ABSTRACT

A hydraulic jump is a localized phenomenon that generates on an open hydraulic channel; however, its mathematical demonstration is not possible in the turbulent area of the phenomenon, especially in the area where the jump occurs and where its length is measured, so the data must be obtained with direct measurements in a laboratory and through empiric equations. This work presents the results of the generated hydraulic jumps and the measure of its length in a series of tests, where we input different flow rates in a transportable open channel hydraulic with a constant gate opening “a” and a slope of S = 0.0035, in the Engineering Faculty Research Centre of the Autonomous University of Chiapas. We also present the experimental method to generate a hydraulic jump, the measure of its length and a comparison with seven empirical equations, including the Sieñchi equation used in H-Canales, the most used software for hydraulic channels design in Latin America. The results show that the calculus of L with the proposed equation has a mean squared error (MSE) of 0.1337, a Bias of −0.0049, a model efficiency (ME) of 0.9991 and a determination coefficient (R²) of 0.9993 when compared with the experimental model. Meanwhile, the comparison of L calculated with the Sieñchi equation versus the experimental model resulted in a MSE of 0.1741, a bias of −0.0437, a ME of 0.9984 and a R² of 0.9997. Both equations are highly recommended to estimate L in rectangular channels under the conditions presented in this paper, thus, the proposed equation can be applied if $1.2<F_{r_1}<5$ y $0.11\ll \frac{y_1}{b}\le 0.28$. Finally, it must be stated that we also proved that the Pavlosky equation is comparable in precision and accuracy concerning to proposed equation and Sieñchi equation.

Keywords:

Hydraulic Jump, Open Channel Hydraulic, Hydraulics Experiments, Length of the Stilling Basin

1. Introduction

The hydraulic jump is a localized phenomenon that occurs in open channels hydraulics (OCH). Giorgio Bidone, an Italian investigator, studied it for the first time in a laboratory in Parella, Turin, during the '40s in the XIX century. He named it intumescence of limited length [1]. The high loss of energy and the turbulence generated in a hydraulic jump can provoke erosion and scouring [2] in an OCH and great damage to hydraulic structures, so to avoid this issue, the hydraulic jump must be contained in a stilling basin [3] whose length (L) must be calculated correctly to avoid any damage. Whoever, because of the phenomenon’s high energy loss and turbulence there is no mathematical equation that can explain or prove what exactly occurs during this intumescence or calculate length with precision, therefore length in a stilling basin is currently calculated with an empiric equation. Then, according to [4] state that: [5] - [13] have been developed various analytical and empirical models from their experimental study for hydraulic jump characteristics, some methods as [7] design of stilling basins or calculate de L.

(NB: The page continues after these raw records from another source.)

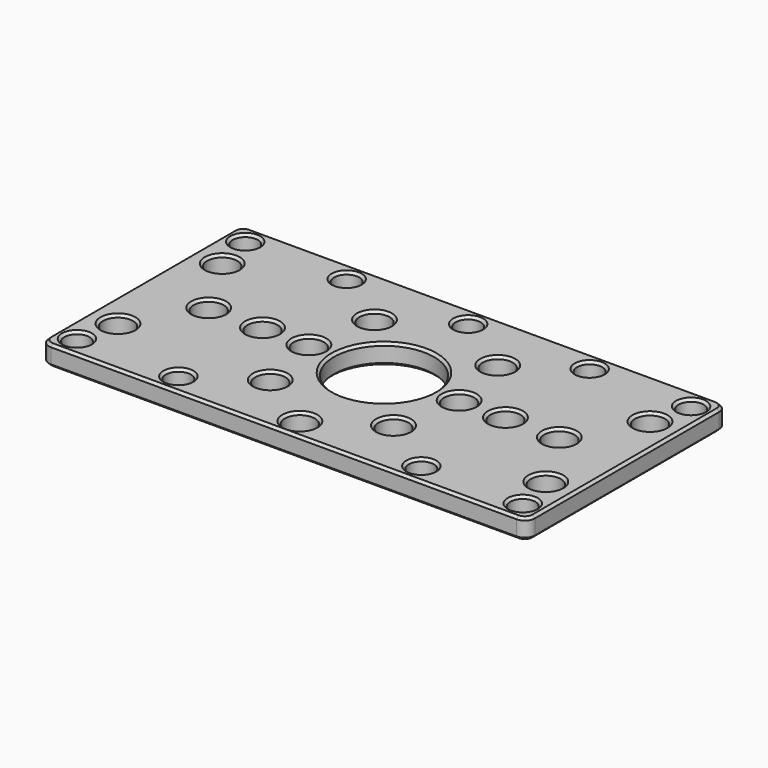
from build123d import *

# Parameters (mm, degrees)
F0_W     = 97
F0_H     = 50
F0_R     = 2.5
F0_R_2   = 3
F0_R_3   = 10
F1_DEPTH = 4
F2_R     = 2
F3_SIZE  = 0.49999


# Not quite as in the source:
# - a fillet or chamfer is up to 0.001 mm smaller than in the source, because OpenCascade refuses the exact size


with BuildPart() as f1:
    # F0 (on Top) → F1 (new body)
    with BuildSketch(Plane.XY):
        Rectangle(F0_W, F0_H)
        with Locations((-44.5, -21)):
            Circle(F0_R, mode=Mode.SUBTRACT)
        with Locations((-42.7, -13)):
            Circle(F0_R_2, mode=Mode.SUBTRACT)
        with Locations((-24.25, -21)):
            Circle(F0_R, mode=Mode.SUBTRACT)
        with Locations((-12.3, -13)):
            Circle(F0_R_2, mode=Mode.SUBTRACT)
        with Locations((0, -21)):
            Circle(F0_R_2, mode=Mode.SUBTRACT)
        with Locations((12.3, -13)):
            Circle(F0_R_2, mode=Mode.SUBTRACT)
        with Locations((24.25, -21)):
            Circle(F0_R, mode=Mode.SUBTRACT)
        with Locations((44.5, -21)):
            Circle(F0_R, mode=Mode.SUBTRACT)
        with Locations((42.7, -13)):
            Circle(F0_R_2, mode=Mode.SUBTRACT)
        with Locations((-35, 0)):
            Circle(F0_R_2, mode=Mode.SUBTRACT)
        with Locations((-24.25, 0)):
            Circle(F0_R_2, mode=Mode.SUBTRACT)
        with Locations((-15, 0)):
            Circle(F0_R_2, mode=Mode.SUBTRACT)
        with Locations((-42.7, 13)):
            Circle(F0_R_2, mode=Mode.SUBTRACT)
        with Locations((-44.5, 21)):
            Circle(F0_R, mode=Mode.SUBTRACT)
        with Locations((-12.3, 13)):
            Circle(F0_R_2, mode=Mode.SUBTRACT)
        with Locations((-24.25, 21)):
            Circle(F0_R, mode=Mode.SUBTRACT)
        Circle(F0_R_3, mode=Mode.SUBTRACT)
        with Locations((15, 0)):
            Circle(F0_R_2, mode=Mode.SUBTRACT)
        with Locations((24.25, 0)):
            Circle(F0_R_2, mode=Mode.SUBTRACT)
        with Locations((35, 0)):
            Circle(F0_R_2, mode=Mode.SUBTRACT)
        with Locations((12.3, 13)):
            Circle(F0_R_2, mode=Mode.SUBTRACT)
        with Locations((0, 21)):
            Circle(F0_R, mode=Mode.SUBTRACT)
        with Locations((42.7, 13)):
            Circle(F0_R_2, mode=Mode.SUBTRACT)
        with Locations((24.25, 21)):
            Circle(F0_R, mode=Mode.SUBTRACT)
        with Locations((44.5, 21)):
            Circle(F0_R, mode=Mode.SUBTRACT)
    extrude(amount=F1_DEPTH)

    # F2
    f2_edges = [f1.edges().sort_by_distance(p)[0] for p in [
        (-48.5, 25, 2),
        (-48.5, -25, 2),
        (48.5, -25, 2),
        (48.5, 25, 2),
    ]]
    fillet(f2_edges, radius=F2_R)

    # F3 (size 0.5 in the source; OpenCascade refuses exactly that, so slightly less here)
    f3_edges = [f1.edges().sort_by_distance(p)[0] for p in [
        (0, -25, 4),
        (-47.914214, -24.414214, 4),
        (47.914214, -24.414214, 4),
        (-48.5, 0, 4),
        (48.5, 0, 4),
        (-47.914214, 24.414214, 4),
        (47.914214, 24.414214, 4),
        (0, 25, 4),
        (-47, -21, 4),
        (-45.7, -13, 4),
        (-26.75, -21, 4),
        (-15.3, -13, 4),
        (-3, -21, 4),
        (9.3, -13, 4),
        (21.75, -21, 4),
        (42, -21, 4),
        (39.7, -13, 4),
        (-38, 0, 4),
        (-27.25, 0, 4),
        (-18, 0, 4),
        (-45.7, 13, 4),
        (-47, 21, 4),
        (-15.3, 13, 4),
        (-26.75, 21, 4),
        (-10, 0, 4),
        (12, 0, 4),
        (21.25, 0, 4),
        (32, 0, 4),
        (9.3, 13, 4),
        (-2.5, 21, 4),
        (39.7, 13, 4),
        (21.75, 21, 4),
        (42, 21, 4),
        (0, -25, 0),
        (-47.914214, -24.414214, 0),
        (47.914214, -24.414214, 0),
        (-48.5, 0, 0),
        (48.5, 0, 0),
        (-47.914214, 24.414214, 0),
        (47.914214, 24.414214, 0),
        (0, 25, 0),
        (-47, -21, 0),
        (-45.7, -13, 0),
        (-26.75, -21, 0),
        (-15.3, -13, 0),
        (-3, -21, 0),
        (9.3, -13, 0),
        (21.75, -21, 0),
        (42, -21, 0),
        (39.7, -13, 0),
        (-38, 0, 0),
        (-27.25, 0, 0),
        (-18, 0, 0),
        (-45.7, 13, 0),
        (-47, 21, 0),
        (-15.3, 13, 0),
        (-26.75, 21, 0),
        (-10, 0, 0),
        (12, 0, 0),
        (21.25, 0, 0),
        (32, 0, 0),
        (9.3, 13, 0),
        (-2.5, 21, 0),
        (39.7, 13, 0),
        (21.75, 21, 0),
        (42, 21, 0),
    ]]
    chamfer(f3_edges, length=F3_SIZE)


solid = f1.part

Then, this work presents the results of the generated hydraulic jumps and the measure of its length with the methods: Smetana, Safranez, Einwatcher, Woycicki and Chertusov [14], Pavlovsky and Sieñchi methods.

Contemporary science explains Bidone’s intumescence formation with the critical regime theory: a hydraulic jump forms when water flows change from a supercritical to a subcritical regime [15]. The critical regime theory comes from the Bernoulli equation for a constant and incomprehensible flow [16] :

$\frac{P}{\rho }+gz+\frac{v^2}{2}=C$ (1)

where C is a constant, P is pressure, ρ is fluid density, g is earth gravity, z is a horizontal comparison plane and v velocity of the water flow.

When Equation (1) is modified and written this way, it is called specific energy [17] [18] :

$E=y+\frac{Q^2}{2g{A}^2}$ (2)

The y variable of Equation (2) is the hydraulic depth, Q is the flow rate, g is earth’s gravity and A is the hydraulic area. Giorgio Bidone reported the intumescence phenomenon to the Science Academy of Turin in 1824, that is to say, 86 years after Daniel Bernoulli published his book about hydrodynamics where he mentions for the first time what we now know as kinetic energy. He named it “vis viva” in Latin (which he took from an original terminology from Leibnitz). During that time there was not a solid theory about total energy or specific energy of water in open channels hydraulics, it developed over time with contributions from Euler, D’Alembert, and Lagrange [1].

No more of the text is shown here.